The FDA today approved Gilead Sciences’ Truvada medication as a daily HIV preventive for “some high-risk populations.” The medication had been under FDA review for such use for several months and today’s decision was strongly opposed by some HIV activism groups although a coalition of other groups endorsed the plan. Gilead has published a press release:
Data supporting the approval of Truvada for PrEP came primarily from two large placebo-controlled trials known as the Pre-Exposure Prophylaxis Initiative (iPrEx), sponsored by the U.S. National Institutes of Health (NIH) and the Bill and Melinda Gates Foundation, and Partners PrEP, sponsored by the University of Washington and funded by the Bill and Melinda Gates Foundation. The iPrEx and Partners PrEP trials found that Truvada reduced the risk of acquiring HIV infection by 42 percent and 75 percent, respectively. Several other clinical studies also support the use of Truvada for HIV risk reduction. “This approval is a major milestone in our 30-year fight against AIDS,” said Robert M. Grant, MD, MPH, Betty Jean and Hiro Ogawa Endowed Investigator, Gladstone Institute of Virology and Immunology, University of California, San Francisco and lead investigator of the iPrEx trial. “The use of PrEP alongside routine HIV testing gives us a tremendous opportunity to reduce the rate of new HIV infections in this country and around the world.”
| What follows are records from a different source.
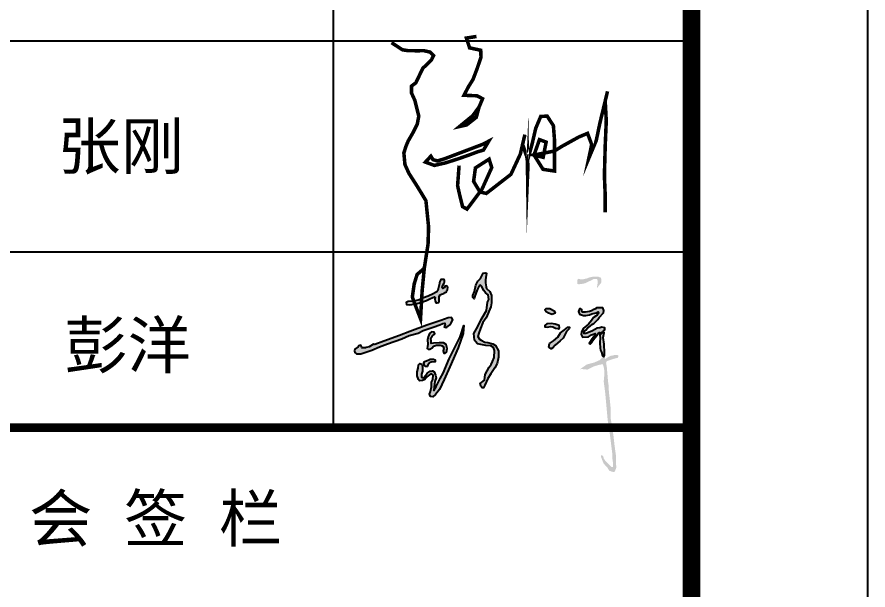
# Model space of a CAD drawing. Extents: x 19118 to 566552, y -1188739 to 92943.
# Drawn here: x 393780 to 401007, y -129700 to -124834 of the extents above; entities that cross this region are included whole.
import ezdxf

# ---------------------------------------------------------------- set-up
doc = ezdxf.new("R2010")
doc.units = 0
doc.header["$LTSCALE"] = 1000
doc.header["$MEASUREMENT"] = 0
doc.layers.get('0').update_dxf_attribs({"linetype": 'CONTINUOUS'})
doc.layers.add('PUB_TITLE', color=4, linetype='CONTINUOUS')
doc.layers.add('图框', color=4, linetype='CONTINUOUS')
doc.styles.add('STYLE-黑体', font='simhei.ttf')

# ---------------------------------------------------------------- blocks, each defined once
blk = doc.blocks.new('新块HGJHJFKJFJKFHK')
for points in [[(353176.6216830318, 136860.5037889128), (353168.4671395887, 136876.121503787), (353173.2246149438, 136895.1343422757), (353183.4173992416, 136921.6167452108), (353196.3309980691, 136955.5679813566), (353214.0004922226, 136981.3710670754), (353240.5734648299, 137043.0551178254), (353244.9122317932, 137066.6535303375), (353245.3941414519, 137086.8802187509), (353244.4303221339, 137108.5518273154), (353236.2362778992, 137130.22343588), (353217.4370611031, 137146.59797887), (353214.0636934894, 137157.6747250498), (353211.6525651631, 137179.8274861762), (353210.2068361859, 137195.7201453698), (353212.1360548534, 137209.2048480563), (353216.9551514438, 137234.2481807199), (353209.7249265262, 137236.1742534317), (353197.1936953608, 137233.7662969247), (353182.2513358677, 137204.3889350429), (353167.7908860347, 137188.4962758484), (353156.7038038136, 137165.3797471324), (353148.5097595793, 137131.186472237), (353140.3157153437, 137107.5887909596), (353140.3157153437, 137095.5490084236), (353147.0640306021, 137088.3251389019), (353148.5097595793, 137098.438117491), (353159.1149321417, 137125.4075228506), (353165.8616673672, 137142.7451022124), (353175.984930269, 137162.4906380646), (353181.8989888062, 137165.3899844208), (353188.6030631778, 137159.7221827543), (353202.5263022436, 137136.0199348881), (353211.2938979743, 137123.1385009884), (353225.7322273641, 137111.2881082903), (353229.3425997277, 137086.0400298567), (353222.638525357, 137070.5824554245), (353217.4813019894, 137023.6942115269), (353186.2330156742, 136971.536688981), (353166.8476071288, 136932.7995204531), (353144.9025472789, 136891.8701097075), (353148.5492603709, 136855.7441809854), (353153.877127158, 136846.8713767772), (353165.1253726091, 136833.2667515668), (353213.0777537283, 136824.3946785935), (353242.0871351687, 136823.2115405343), (353255.7022680603, 136813.1555982669), (353261.6226467229, 136796.5938591439), (353259.2541792509, 136757.5546906026), (353250.9669131483, 136733.8948543597), (353243.2705788887, 136717.9239530315), (353231.4298215625, 136701.9537829388), (353210.1183544127, 136660.5483382788), (353204.7889075927, 136628.6072668576), (353181.7014848473, 136610.270820646), (353184.6608841638, 136594.8922195822), (353191.7647065464, 136584.8362773148), (353198.8701089616, 136584.8362773148), (353207.1573750647, 136599.6240405842), (353224.9185110549, 136637.4800710661), (353241.7268879483, 136664.2352246182), (353264.326080909, 136699.046392999), (353277.9791345596, 136722.0971105743), (353285.04187612, 136759.2606616112), (353285.04187612, 136794.0718299932), (353267.6899683322, 136825.1946495679), (353253.4191222987, 136834.0221172128), (353223.5154429334, 136842.170267641), (353207.8841896327, 136843.5281708398), (353186.8160473593, 136854.3928589007)], [(353884.5833128481, 136782.4203331858), (353882.0758025893, 136832.1267563663), (353877.9930007574, 136869.218646384), (353882.0758025893, 136898.3364198782), (353879.8827186325, 136901.2189478319), (353857.4078857377, 136893.4555920212), (353859.6527831606, 136870.3301234234), (353857.6095686769, 136840.0671828007), (353860.7817157879, 136808.9605036775), (353861.8457616833, 136798.5262668364), (353867.8555175695, 136787.4366045614), (353873.6298455982, 136765.2918040339), (353881.1862447597, 136761.4455914753), (353884.8677185485, 136767.9426135122)]]:
    blk.add_hatch(color=256).paths.add_polyline_path(points)
h = blk.add_hatch(color=256)
h.paths.add_polyline_path([(352610.3483961909, 136816.686734337), (352656.5539673246, 136833.2234874052), (352737.6761991517, 136862.555543668), (352779.0139157455, 136880.7770875456), (352829.4712671288, 136894.1377822555), (352858.044965859, 136909.3236670125), (352892.692636379, 136920.8629662491), (352913.9688918609, 136928.7594745412), (352951.8097361173, 136942.3250762398), (352970.1270996216, 136949.5613286715), (352980.3574035396, 136951.6900846307), (352982.0581156421, 136940.6213125578), (352977.3724802597, 136929.5525404852), (352986.743751023, 136926.9987922491), (352992.2884195587, 136929.1275482083), (353008.0547149102, 136940.1963202808), (353017.000807649, 136952.1150769073), (353026.3720784141, 136969.1451245811), (353018.2763417247, 136984.0464162949), (352999.5338001959, 136981.0676757813), (352957.3457275503, 136966.166384067), (352878.9394288217, 136939.771328004), (352783.3437899216, 136904.3527752002), (352723.3416257226, 136881.3348899089), (352634.9393048775, 136848.6787869058), (352584.0394212306, 136829.9449755516), (352576.9068429261, 136831.5121345735), (352551.8213394266, 136817.8896142639), (352534.9096665382, 136814.0760674927), (352531.1958666425, 136810.7064858674), (352510.9695405755, 136810.7709936238), (352509.2861826788, 136819.8969438585), (352505.4422262455, 136826.1428125018), (352494.8735153284, 136822.5379672941), (352489.3375238939, 136817.2559204226), (352472.0353813916, 136803.5688923568), (352469.154583341, 136795.4029693197), (352471.7924225186, 136784.3569646903), (352481.4066521549, 136777.8720378912), (352504.7220267337, 136777.8720378912), (352567.5876347786, 136798.7687563709)])
h.paths.add_polyline_path([(352954.4736066051, 137111.8628436172), (352962.8817189853, 137115.9344214146), (352974.587130337, 137119.2508790052), (352982.8997945893, 137125.0831390923), (352989.6332261753, 137129.3482401589), (352992.1062004049, 137135.4119692548), (352996.6009395304, 137141.0203494824), (352997.945890428, 137153.3678929602), (352990.5356448423, 137163.4690486878), (352983.3423268199, 137159.8755872027), (352976.383290567, 137151.7969393641), (352968.9643678791, 137146.856404144), (352964.7820044453, 137155.587718693), (352968.3309393916, 137160.6876260171), (352972.3310836726, 137168.4513242209), (352977.2076153103, 137177.3268325782), (352979.8714857954, 137184.8666509223), (352979.8714857954, 137192.41026384), (352977.6588246427, 137197.7340510251), (352965.8839964694, 137199.0659464645), (352958.1179896793, 137198.1780161712), (352955.4541191938, 137193.9622445657), (352952.7902487065, 137186.6425115074), (352949.900773556, 137179.5428637372), (352948.7901044278, 137168.6752040806), (352947.2369030686, 137159.7996957231), (352943.6879681228, 137146.0481599028), (352941.9091620985, 137136.2847212519), (352935.9132842286, 137128.3009377619), (352928.1472774381, 137125.4170615958), (352915.044852573, 137116.5415532385), (352886.0025903075, 137104.2015989089), (352860.5960340113, 137094.9959626222), (352844.812384455, 137087.8090396518), (352829.1762456424, 137081.4910741042), (352802.8759477851, 137075.7119380512), (352773.6514663636, 137073.6249224049), (352761.9634092157, 137069.0372825571), (352763.6294129081, 137056.9401809567), (352781.9988390259, 137054.8531653105), (352818.6856286488, 137060.6930145457), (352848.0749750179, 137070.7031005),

The group that most loudly protested in advance of today’s decision was the AIDS Healthcare Foundation, which published anti-Truvada ads in a California newspaper near the Gilead headquarters and sent the below mailer to more than 50,000 homes in that area. The FDA’s decision to approve Truvada as a PrEP medication was supported by the San Francisco AIDS Foundation. All groups concede that the long-term effects of a daily HIV medication by uninfected persons is not yet fully known.UPDATE: The AIDS Healthcare Foundation responds to today’s decision.
“The FDA’s approval of Gilead’s Truvada as a form of HIV prevention today without any requirement for HIV testing is completely reckless and a move that will ultimately set back years of HIV prevention efforts,” said Michael Weinstein, AHF’s President. “From the beginning we believe there was a rush to judgment by government officials and others in favor of such approval despite decidedly mixed studies offered in support. And while FDA recommends a negative HIV test prior to use of Truvada as PrEP and states that use by people with an ‘…unknown or HIV positive status…’ is ‘contraindicated,’ it in no way actually requires HIV testing in any manner—just strengthening of the ‘Boxed Warning’ on Gilead’s packaging. The FDA’s move today is negligence bordering the equivalence of malpractice which will sadly result in new infections, drug resistance and serious side effects among many, many people.’
UPDATE II: The SF AIDS Foundation reacts:
“Today’s decision by the FDA heralds a new era in HIV prevention—one with great promise for expanded access to HIV testing and prevention counseling and support,” said Neil Giuliano, CEO of San Francisco AIDS Foundation. “The approval paves the way for increased work with the federal government and Gilead Sciences to ensure they realize the incredible impact they can now have to get Truvada to the communities that stand to benefit most, especially gay men and people of color.” “The groundbreaking decision by the FDA has widespread implications for efforts to stop the spread of HIV both here in the United States and beyond our borders,” said James Loduca, vice president of public affairs at San Francisco AIDS Foundation. “Now the hard work begins to ensure that health care providers, clinics, and our community know how and when to use Truvada—and to ensure that price and delivery systems are never a barrier to access for anyone who stands to benefit from it.”